In regard to the later additions to the Jesus story in each of the gospels, can these be traced to the source “Q?” I have heard of this source, but do not know much about it.  I would appreciate some explanation of what “Q” is and what you think in regard to my question.

 

Answer

Dear Jean,

The Q hypothesis (from the German word “Quelle” which mean “source”) was developed in the early 20th century when the discovery was made that both Matthew and Luke had used the gospel of Mark in the writing of their gospels.  Matthew was more dependent on Mark, incorporating about 90% of this first gospel into his own work.  Luke was a little less dependent, using about 50% of Mark.

When scholars lifted Mark’s content out of these later gospels, they noticed that there were in both Matthew and Luke a number of verses that were identical or nearly identical in them that were still in the two, but were not from Mark.  This caused them to speculate that Matthew and Luke must have had a second source, one other than Mark from which they both also drew.  This would account for the non-Marcan similarities in both Matthew and Luke.  The theory became very popular especially in North America and isolating the Q material, referring to it as “the earliest now lost gospel,” gave it a certain allure.  Some scholars even wrote on the theology of the Q  writer. When this material is isolated, it includes primarily some sayings of Jesus.  It has no birth stories, no miracle stories, no parables and no account of either the crucifixion or the resurrection.  It is even referred to as “a sayings gospel.”  The Jesus Seminar is, on the whole, a strong advocate of the Q hypothesis.
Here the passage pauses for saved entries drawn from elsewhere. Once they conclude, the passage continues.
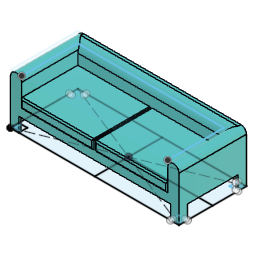
lego_sofa v5 (Autodesk Fusion 360 design; units mm, degrees)
Autodesk Fusion 360 part; units mm, degrees
note: some values were not read from the file. Chosen so that the rebuilt part matches the saved one: which pieces of a blend or face edit are solid.
sketch "Skizze1" plane through (0, 0, 0) normal (0, 0, 1) x (1, 0, 0)
  line L0 (30, -12) -> (-30, -12)
  line L1 (-30, -12) -> (-30, 12)
  line L2 (-30, 12) -> (30, 12)
  line L3 (30, 12) -> (30, -12)
  line L4 (30, -12) -> (-30, 12) construction
  line L5 (-30, -12) -> (30, 12) construction
  dimension "d1" = 60
  dimension "d2" = 24
  constraint horizontal L0
  constraint perpendicular L0 L1
  constraint parallel L0 L2
  constraint parallel L1 L3
  constraint coincident L4 origin
  constraint coincident L5 origin
  measures "d1" distance of L1.end L2.end
  measures "d2" distance of L0.end L1.end
extrude "Extrusion1" add sketch "Skizze1" along normal blind 18
sketch "Skizze2" plane through (0, 0, 0) normal (0, 0, -1) x (1, 0, 0)
  line L0 (-30, -12) -> (30, -12)
  line L1 (30, -12) -> (30, 12)
  line L2 (30, 12) -> (-30, 12)
  line L3 (-30, 12) -> (-30, -12)
  line L4 (-30, 12) -> (-27, 12)
  line L5 (-27, 12) -> (-27, 9)
  line L6 (-27, 9) -> (-30, 9)
  line L7 (-30, 9) -> (-30, 12)
  line L8 (27, 9) -> (30, 9)
  line L9 (27, 12) -> (27, 9)
  line L10 (27, -9) -> (30, -9)
  line L11 (27, -12) -> (27, -9)
  line L12 (-27, -9) -> (-30, -9)
  line L13 (-27, -12) -> (-27, -9)
  line L14 (-29.25, 9.75) -> (-29.25, 11.25)
  line L15 (-29.25, 11.25) -> (-27.75, 11.25)
  line L16 (-29.25, 9.75) -> (-29.25, 9)
  line L17 (-27.75, 11.25) -> (-27, 11.25)
  line L18 (0, 12) -> (0, -12)
  line L19 (0, 0) -> (30, 0)
  line L20 (-29.25, 11.25) -> (-29.25, 9)
  line L21 (-29.25, 11.25) -> (-27, 11.25)
  line L22 (29.25, 11.25) -> (29.25, 9)
  line L23 (29.25, 11.25) -> (27, 11.25)
  line L24 (29.25, -11.25) -> (27, -11.25)
  line L25 (29.25, -11.25) -> (29.25, -9)
  line L26 (-29.25, -11.25) -> (-27, -11.25)
  line L27 (-29.25, -11.25) -> (-29.25, -9)
  dimension "d5" = 3
  dimension "d6" = 3
  constraint horizontal L4
  constraint vertical L5
  constraint horizontal L6
  constraint vertical L7
  constraint coincident L2.end L3.start
  constraint coincident L6 L16.end
  constraint perpendicular L6 L16
  constraint coincident L5 L17.end
  constraint perpendicular L5 L17
  constraint parallel L7 L14
  constraint parallel L4 L15
  constraint midpoint L2 L18.start
  constraint midpoint L0 L18.end
  constraint midpoint L18 L19.start
  constraint midpoint L1 L19.end
  constraint symmetric L14.end L18 L22.start
  constraint symmetric L16.end L18 L22.end
  constraint symmetric L17.end L18 L23.end
  constraint symmetric L19 L22.start L24.start
  constraint symmetric L19 L22.end L25.end
  constraint symmetric L19 L23.end L24.end
  constraint symmetric L18 L24.start L26.start
  constraint symmetric L18 L24.end L26.end
  constraint symmetric L18 L25.end L27.end
  measures "d5" distance of L2.end L4.end
  measures "d6" distance of L2.end L6.end
extrude "Extrusion2" cut sketch "Skizze2" against normal blind 5 contours L0 L2 L3 L5 L6 L12 L13 L18 | L0 L1 L10 L11 L18 L19 | L1 L2 L8 L9 L18 L19
sketch "Skizze3" plane through (0, 0, 18) normal (0, 0, 1) x (-1, 0, 0)
  line L0 (-30, -12) -> (30, -12)
  line L1 (30, -12) -> (30, 12)
  line L2 (30, 12) -> (-30, 12)
  line L3 (-30, 12) -> (-30, -12)
  line L4 (-26, -8) -> (26, -8)
  line L5 (26, -8) -> (26, 8)
  line L6 (-26, 8) -> (-26, -8)
  line L7 (26, 8) -> (26, 12)
  line L8 (-26, 8) -> (-26, 12)
  constraint parallel L0 L4
  constraint parallel L1 L5
  constraint parallel L3 L6
  constraint coincident L2 L7.end
  constraint perpendicular L2 L7
  constraint coincident L2 L8.end
  constraint perpendicular L2 L8
extrude "Extrusion3" cut sketch "Skizze3" against normal blind 7 contours L2 L4 L5 L6 L7 L8
fillet "Abrundung1" radius 3 1 edges at (0, 8, 18)
fillet "Abrundung2" radius 2 4 edges at (30, 0, 18) (26, -0.5, 18) (-26, -0.5, 18) (-30, 0, 18)
extrude "Extrusion4" cut sketch "Skizze2" against normal blind 5 contours L12 L13 L26 L27 | L5 L6 L14 L15 L16 L17 L20 L21 | L10 L11 L24 L25 | L8 L9 L22 L23
sketch "Skizze4" plane through (0, 0, 0) normal (0, 0, -1) x (1, 0, 0)
sketch "Skizze14" plane through (0, 0, 11) normal (0, 0, 1) x (-1, 0, 0)
  line L0 (-26, -8) -> (26, -8)
  line L1 (26, -8) -> (26, 12)
  line L2 (26, 12) -> (-26, 12)
  line L3 (-26, 12) -> (-26, -8)
  line L4 (0.25, -8) -> (0.25, 12)
  line L5 (-0.25, -8) -> (-0.25, 12)
sketch "Skizze15" plane through (0, -12, 0) normal (0, -1, 0) x (1, 0, 0)
  arc A0 (-26, 16) -> (-30, 16) centre (-28, 16) ccw
  line L0 (-30, 16) -> (-30, 0)
  line L1 (-30, 0) -> (-27, 0)
  line L2 (-27, 0) -> (-27, 5)
  line L3 (-27, 5) -> (27, 5)
  line L4 (27, 5) -> (27, 0)
  line L5 (27, 0) -> (30, 0)
  line L6 (30, 0) -> (30, 16)
  arc A1 (30, 16) -> (26, 16) centre (28, 16) ccw
  line L7 (26, 16) -> (26, 11)
  line L8 (26, 11) -> (-26, 11)
  line L9 (-26, 11) -> (-26, 16)
  line L10 (-26, 11) -> (-26, 8)
  line L11 (-26, 8) -> (0, 8)
  line L12 (0, 8) -> (26, 8)
  line L13 (26, 8) -> (26, 11)
  line L14 (0.25, 8) -> (0.25, 11)
  line L15 (-0.25, 8) -> (-0.25, 11)
  dimension "d26" = 3
  dimension "d27" = 26
  constraint coincident L8.end L9.start
  constraint perpendicular L8 L10
  constraint perpendicular L10 L11
  constraint coincident L7.end L8.start
  measures "d26" distance of L8.end L10.end
  measures "d27" distance of L11.end L12.end
extrude "Extrusion6" add sketch "Skizze14" along normal blind 0.3 contours L0 L2 L3 L5 | L0 L1 L2 L4
extrude "Extrusion7" add sketch "Skizze15" along normal blind 0.3 contours L8 L10 L11 L15 | L8 L12 L13 L14
extrude "Extrusion8" add 2 faces at (-17.4167, -12.1, 11) (17.4167, -12.2, 11) along direction (0, 0, 1) blind 0.3
fillet "Abrundung4" radius 0.5 8 edges at (-26, -12.3, 9.65) (-13.125, -12.3, 11.3) (-13.125, -12.3, 8) (-0.25, -12.3, 9.65) (26, -12.3, 9.65) (13.125, -12.3, 11.3) (13.125, -12.3, 8) (0.25, -12.3, 9.65)
fillet "Abrundung5" radius 0.25 4 edges at (-0.3964, -12.1536, 11.1536) (-0.25, -1.9, 11.3) (0.25, -1.9, 11.3) (0.3964, -12.1536, 11.1536)

There is, however, a different way to think of the Q document other than as a separate source.  Matthew could have been the one who expanded Mark and Luke could therefore have had the benefit of both gospels.  Luke appears to have preferred Mark, but he also from time to time incorporated some of Matthew’s expansion of Mark into his gospel.  This would account for the non-Marcan similarity between Matthew and Luke.  That is the position that Michael Donald Goulder, the late English, New Testament scholar at the University of Birmingham developed in the prologue to his book entitled, Luke: A New Paradigm, which I believe is the best commentary on Luke that I have ever read.  If Goulder is right, Matthew is the author of Q and its early origin must be dismissed.  The weight of New Testament scholarship in America is strongly on the side of Q as a now lost document.  European New Testament scholarship is not nearly as sure.

Many of the conclusions I draw from the New Testament would be strengthened if I accepted the Q hypothesis at face value.  I am, however, still not sure that Goulder is not right.